All right, I hear you, maybe the acting is a little lame, too. I mean, it was cool to see real stage actors like Jayne Atkinson
and Cherry Jones and Celia Weston all hangin' out, commuting from New York to be in this PA movie. (Did you see Enchanted
April or A Moon for the Misbegotten on stage, man? Hootie-hoo, that stuff was crazy. And Celia Weston was in True
West, and that shit will totally screw with your mind!) Yeah, so it sucked that they didn't really have anything to do.
Joaquin Phoenix is kind of boring, too, you know? And Adrien Brody, that guy's follow-up from winning an Oscar
is to act and look like Agnes Moorehead in Hush...Hush, Sweet Charlotte? Weird choice, brother. Hey, someone told me
the blind girl is played by Ron Howard's daughter, and she was all right, but a little boring. It's hard to make a good impression
when you're having to exchange love declaratives with Joaquin Phoenix and share half of your scenes with a bunch of trees and
faked-out sound effects... which reminds me: what are all those growly, snorty, stick-snapping sounds everyone's always hearing,
if the monsters are fake? Sorta weird. Whatever, though, man, this movie toyed with my mind and made me ask big questions,
so I guess it didn't really have to be all deep or consistent.
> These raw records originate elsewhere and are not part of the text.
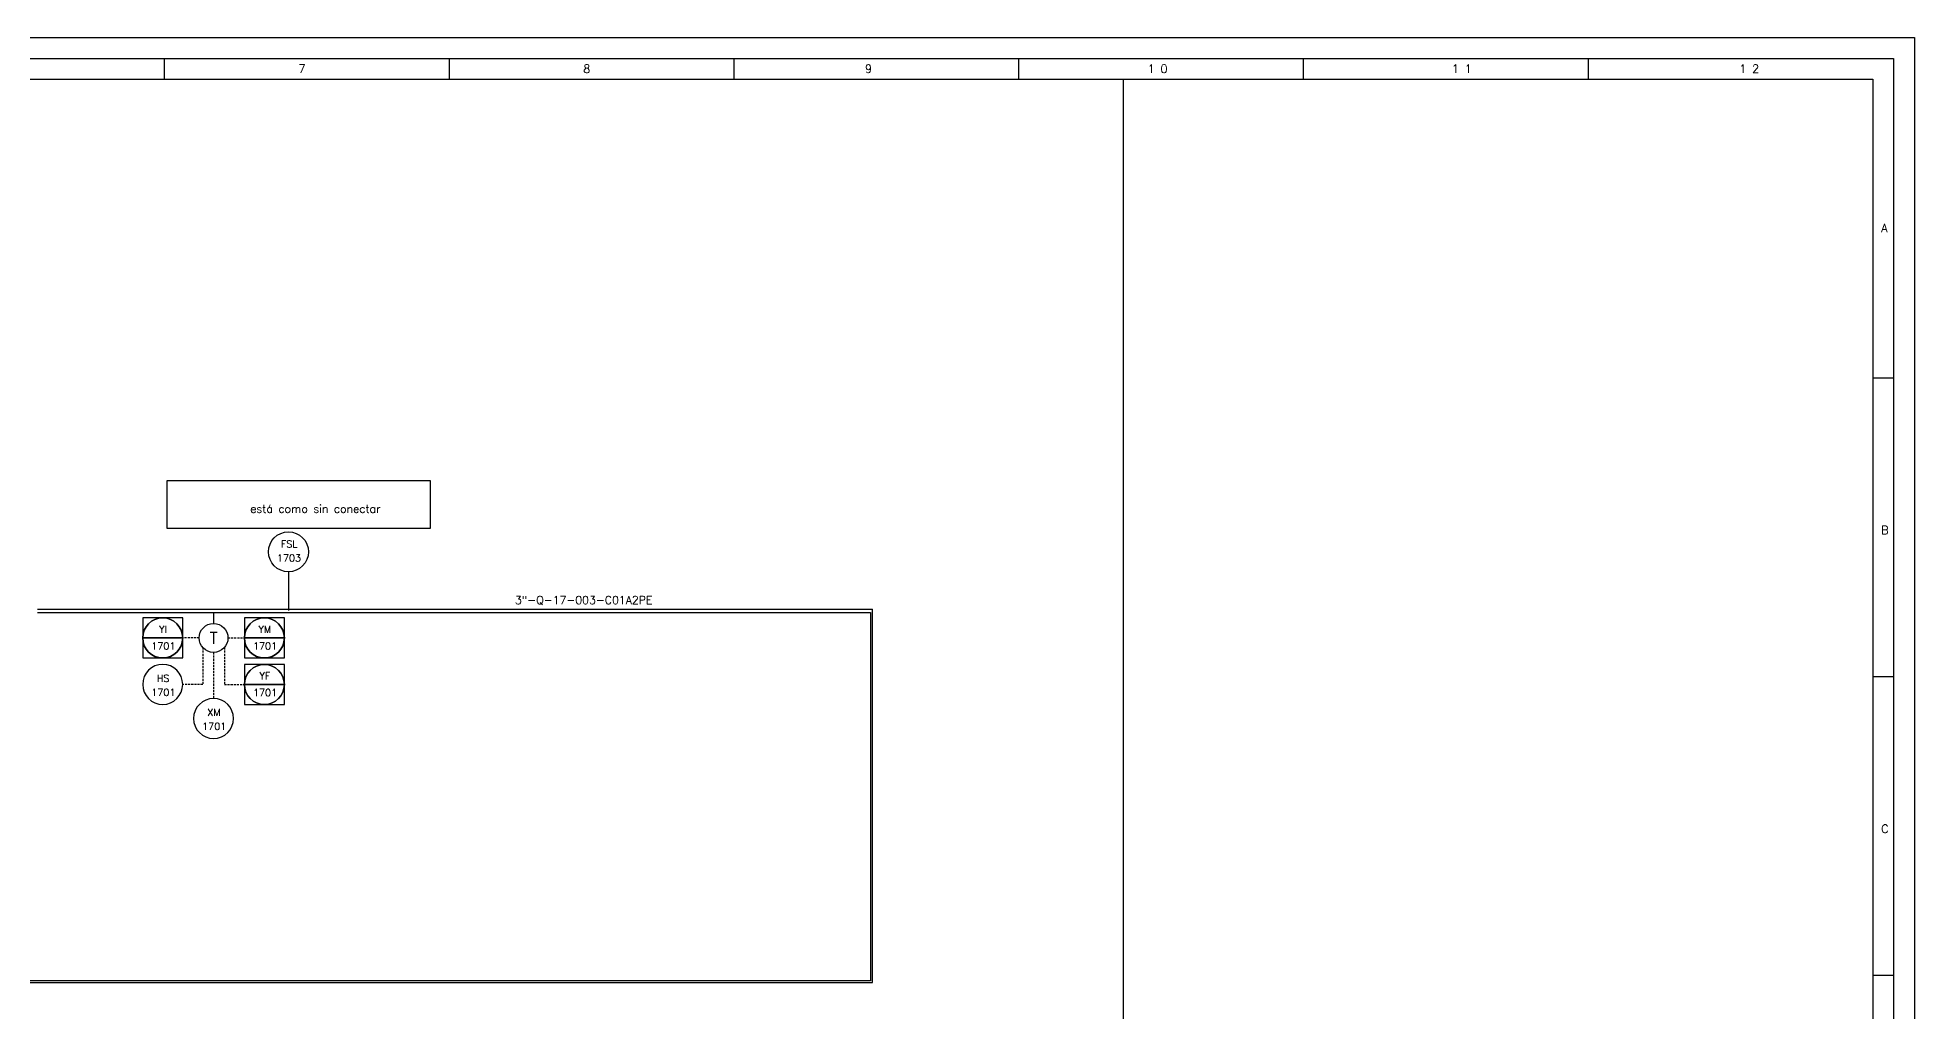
# Model space of a CAD drawing. Header units: millimetres. Extents: x 559 to 3993, y 623 to 920.
# Drawn here: x 1257.3 to 1482.5, y 802.7 to 919.5 of the extents above; entities that cross this region are included whole.
import ezdxf
from ezdxf.enums import TextEntityAlignment as Align

# ---------------------------------------------------------------- set-up
doc = ezdxf.new("R2010")
doc.units = ezdxf.units.MM
doc.linetypes.add('TRAZOS', pattern=[0.75, 0.5, -0.25])
for name, color, linetype in [('CAJETIN', 1, 'Continuous'), ('FORMATO', 7, 'Continuous'), ('INSTRUMENTOS', 1, 'Continuous'), ('TEXTO-VALVULAS Y ACCESORIOS', 7, 'Continuous'), ('TUBERIA', 5, 'Continuous'), ('TUBERÍA2', 1, 'TRAZOS')]:
    doc.layers.add(name, color=color, linetype=linetype)
doc.layers.add('TUBERÍA3', color=1, linetype='Continuous', true_color=0xff0000)
doc.styles.add('PY', font='ROMANS.shx')

# ---------------------------------------------------------------- blocks, each defined once
blk = doc.blocks.new('SEÑAL CIRCU MARCO')
at = {"color": 1, "linetype": 'Continuous', "ltscale": 0.5}
blk.add_line((5.7, 5.7), (-5.7, 5.7), dxfattribs=at)
at = {"color": 1, "flags": 128}
blk.add_lwpolyline([(5.7, 0), (-5.7, 0), (-5.7, 11.4), (5.7, 11.4)], close=True, dxfattribs=at)
at = {"color": 1}
blk.add_circle((0, 5.7), 5.7, dxfattribs=at)
at = {"style": 'PY'}
for tag, p in [('XXX', (0.18, 7.98)), ('YYY', (0.13, 3.24))]:
    blk.add_attdef(tag, text='', height=2, dxfattribs=at).set_placement(p, align=Align.MIDDLE)
blk = doc.blocks.new('SEÑAL CIR')
at = {"color": 1}
blk.add_circle((0, 5.7), 5.7, dxfattribs=at)
at = {"layer": 'INSTRUMENTOS', "linetype": 'Continuous', "style": 'PY', "flags": 4}
for p in [(0.18, 6.94), (0.13, 2.95)]:
    blk.add_attdef('---', text='', height=2, dxfattribs=at).set_placement(p, align=Align.CENTER)
blk = doc.blocks.new('MARCO-A1')
at = {"layer": 'FORMATO', "color": 5}
for p, q in [((420.5, 589), (420.5, 584)), ((488.92, 589), (488.92, 584)), ((557.33, 589), (557.33, 584)), ((625.75, 589), (625.75, 584)), ((694.17, 589), (694.17, 584)), ((762.58, 589), (762.58, 584)), ((831, 512.25), (836, 512.25)), ((831, 440.5), (836, 440.5)), ((831, 368.75), (836, 368.75))]:
    blk.add_line(p, q, dxfattribs=at)
at = {"layer": 'FORMATO', "color": 1}
blk.add_lwpolyline([(0, 594), (841, 594), (841, 0), (0, 0)], close=True, dxfattribs=at)
at = {"layer": 'FORMATO', "color": 5}
blk.add_lwpolyline([(5, 589), (836, 589), (836, 5), (5, 5)], close=True, dxfattribs=at)
at = {"layer": 'FORMATO', "color": 8, "linetype": 'Continuous'}
blk.add_lwpolyline([(10, 584), (831, 584), (831, 10), (10, 10)], close=True, dxfattribs=at)
at = {"layer": 'FORMATO', "color": 1, "style": 'PY'}
for s, p in [('7', (452.75, 585.5)), ('8', (521.17, 585.5)), ('9', (588.85, 585.5)), ('1 0', (656.77, 585.5)), ('1 1', (729.83, 585.5)), ('1 2', (798.88, 585.5)), ('A', (833, 547.25)), ('B', (833, 474.67)), ('C', (833, 402.92))]:
    blk.add_text(s, height=2, dxfattribs=at).set_placement(p)

msp = doc.modelspace()

# ---------------------------------------------------------------- linework, layer by layer
at = {"color": 1}
msp.add_line((1287.38, 855.44), (1287.38, 850.81), dxfattribs=at)
at = {"color": 4}
for p, q in [((1257.27, 850.56), (1264.12, 850.56)), ((1264.12, 850.56), (1273.1, 850.56)), ((1272.84, 850.56), (1283.22, 850.56)), ((1273.1, 850.56), (1283.68, 850.56)), ((1283.22, 850.56), (1293.71, 850.56)), ((1293.71, 850.56), (1314.74, 850.56)), ((1314.74, 850.56), (1357.22, 850.56))]:
    msp.add_line(p, q, dxfattribs=at)
at = {"color": 2}
msp.add_lwpolyline([(1272.81, 866.39), (1304.38, 866.39), (1304.38, 860.64), (1272.81, 860.64)], close=True, dxfattribs=at)
at = {"color": 4}
msp.add_lwpolyline([(1357.22, 850.56), (1357.22, 806.38), (1085.14, 806.38), (1085.14, 753.73), (1095.11, 753.73)], dxfattribs=at)
at = {"color": 1}
msp.add_circle((1278.39, 847.51), 1.73, dxfattribs=at)
at = {"layer": 'CAJETIN', "color": 8, "linetype": 'Continuous'}
msp.add_line((1387.58, 627.88), (1387.58, 914.54), dxfattribs=at)
at = {"layer": 'TUBERIA', "color": 5, "linetype": 'Continuous'}
msp.add_line((1257.27, 850.95), (1357.44, 850.95), dxfattribs=at)
msp.add_lwpolyline([(1095.24, 753.85), (1085.3, 753.85), (1085.3, 806.16), (1357.44, 806.16), (1357.44, 850.95)], dxfattribs=at)
at = {"layer": 'TUBERÍA2', "ltscale": 0.5}
for points in [[(1276.66, 847.51), (1274.69, 847.51)], [(1280.12, 847.51), (1282.09, 847.51)], [(1277.09, 846.37), (1277.09, 841.92), (1274.69, 841.92)], [(1278.39, 845.78), (1278.39, 840.24)], [(1279.69, 846.37), (1279.69, 841.92), (1282.09, 841.92)]]:
    msp.add_lwpolyline(points, dxfattribs=at)
at = {"layer": 'TUBERÍA3'}
for points in [[(1278.39, 850.56), (1278.39, 849.24)], [(1269.89, 847.51), (1274.69, 847.51)], [(1282.09, 847.51), (1286.89, 847.51)], [(1282.09, 841.92), (1286.89, 841.92)]]:
    msp.add_lwpolyline(points, dxfattribs=at)
for centre in [(1272.29, 847.51), (1284.49, 847.51), (1284.49, 841.92)]:
    msp.add_circle(centre, 2.4, dxfattribs=at)

# ---------------------------------------------------------------- block references
at = {"xscale": 0.499409123998651, "yscale": 0.499409123998651, "zscale": 0.499409123998651}
msp.add_blockref('MARCO-A1', (1062.47, 622.89), dxfattribs=at)
at = {"linetype": 'Continuous'}
ref = msp.add_blockref('SEÑAL CIR', (1287.38, 855.44), dxfattribs=dict(at, xscale=0.4210080000000198, yscale=0.4210080000000198, zscale=0.4210080000000198))
ref.add_attrib('---', 'FSL', dxfattribs={"layer": 'INSTRUMENTOS', "color": 7, "linetype": 'Continuous', "height": 0.842, "style": 'PY'}).set_placement((1287.46, 858.36), align=Align.CENTER)
ref.add_attrib('---', '1703', dxfattribs={"layer": 'INSTRUMENTOS', "color": 7, "linetype": 'Continuous', "height": 0.842, "style": 'PY'}).set_placement((1287.44, 856.68), align=Align.CENTER)
ref = msp.add_blockref('SEÑAL CIRCU MARCO', (1272.29, 849.91), dxfattribs=dict(xscale=-0.4210080000000198, yscale=0.4210080000000198, zscale=0.4210080000000198, rotation=180))
ref.add_attrib('XXX', '1701', dxfattribs={"height": 0.842, "style": 'PY'}).set_placement((1272.37, 846.55), align=Align.MIDDLE)
ref.add_attrib('YYY', 'YI', dxfattribs={"height": 0.842, "style": 'PY'}).set_placement((1272.34, 848.54), align=Align.MIDDLE)
ref = msp.add_blockref('SEÑAL CIRCU MARCO', (1284.49, 849.91), dxfattribs=dict(xscale=-0.4210080000000198, yscale=0.4210080000000198, zscale=0.4210080000000198, rotation=180))
ref.add_attrib('XXX', '1701', dxfattribs={"height": 0.842, "style": 'PY'}).set_placement((1284.57, 846.55), align=Align.MIDDLE)
ref.add_attrib('YYY', 'YM', dxfattribs={"height": 0.842, "style": 'PY'}).set_placement((1284.54, 848.54), align=Align.MIDDLE)
ref = msp.add_blockref('SEÑAL CIR', (1272.29, 844.33), dxfattribs=dict(at, xscale=-0.4210080000000198, yscale=0.4210080000000198, zscale=0.4210080000000198, rotation=180))
ref.add_attrib('---', '1701', dxfattribs={"layer": 'INSTRUMENTOS', "color": 7, "linetype": 'Continuous', "height": 0.842, "style": 'PY'}).set_placement((1272.37, 840.57), align=Align.CENTER)
ref.add_attrib('---', 'HS', dxfattribs={"layer": 'INSTRUMENTOS', "color": 7, "linetype": 'Continuous', "height": 0.842, "style": 'PY'}).set_placement((1272.34, 842.25), align=Align.CENTER)
ref = msp.add_blockref('SEÑAL CIRCU MARCO', (1284.49, 844.32), dxfattribs=dict(xscale=-0.4210080000000198, yscale=0.4210080000000198, zscale=0.4210080000000198, rotation=180))
ref.add_attrib('XXX', '1701', dxfattribs={"height": 0.842, "style": 'PY'}).set_placement((1284.57, 840.96), align=Align.MIDDLE)
ref.add_attrib('YYY', 'YF', dxfattribs={"height": 0.842, "style": 'PY'}).set_placement((1284.54, 842.96), align=Align.MIDDLE)
ref = msp.add_blockref('SEÑAL CIR', (1278.39, 840.24), dxfattribs=dict(at, xscale=-0.4210080000000198, yscale=0.4210080000000198, zscale=0.4210080000000198, rotation=180))
ref.add_attrib('---', '1701', dxfattribs={"layer": 'INSTRUMENTOS', "color": 7, "linetype": 'Continuous', "height": 0.842, "style": 'PY'}).set_placement((1278.47, 836.48), align=Align.CENTER)
ref.add_attrib('---', 'XM', dxfattribs={"layer": 'INSTRUMENTOS', "color": 7, "linetype": 'Continuous', "height": 0.842, "style": 'PY'}).set_placement((1278.44, 838.15), align=Align.CENTER)

# ---------------------------------------------------------------- texts
at = {"color": 7, "style": 'PY'}
msp.add_text('T', height=1.4, dxfattribs=at).set_placement((1278.39, 847.51), align=Align.MIDDLE)
at = {"layer": 'TEXTO-VALVULAS Y ACCESORIOS', "style": 'PY'}
for s, p in [('está como sin conectar', (1290.61, 862.52)), ('3"-Q-17-003-C01A2PE', (1322.8, 851.57))]:
    msp.add_text(s, height=0.96, dxfattribs=at).set_placement(p, align=Align.CENTER)

doc.saveas('drawing.dxf')

I mean, it woulda been cool if this movie had real performances,
and layered characters, like Toni Collette's or Haley Joel Osment's in The Sixth Sense, or Bruce Willis' in
Unbreakable before all that weird stuff about him being a real comic-book superhero totally
wrecked that movie. But that's cool, Night isn't really about the performances anymore. At least he still screws with my head.
I thought the music by James Newton Howard was pretty cool. And the cinematography by Roger Deakins. Well, okay, I mean,
actually the cinematography was all right. I mean, Rog is maybe on vacation a little these days, kind of overplaying the
whole "fog" thing in House of Sand and... and being stuck for anything interesting to do in
Intolerable Cruelty. And The Village, I mean it looks professional and some of the
framings are sorta cool, but they're so dictated by Night's obsession with yellow/red and his megalomaniac stinginess with
details that Rog's photography can't really take on a life of its own. He's just illustrating the plot most of the time and
doing weird things like shot-reverse-shots from a blind girl's perspective. And he gets to film a stabbing scene as an
alternation of straight-to-camera close-ups, a technique I like to call DemmeCam. So, the more I think about it, I guess a
lot of the photography was sorta boring. Yeah, well, I mean, you can't have everything.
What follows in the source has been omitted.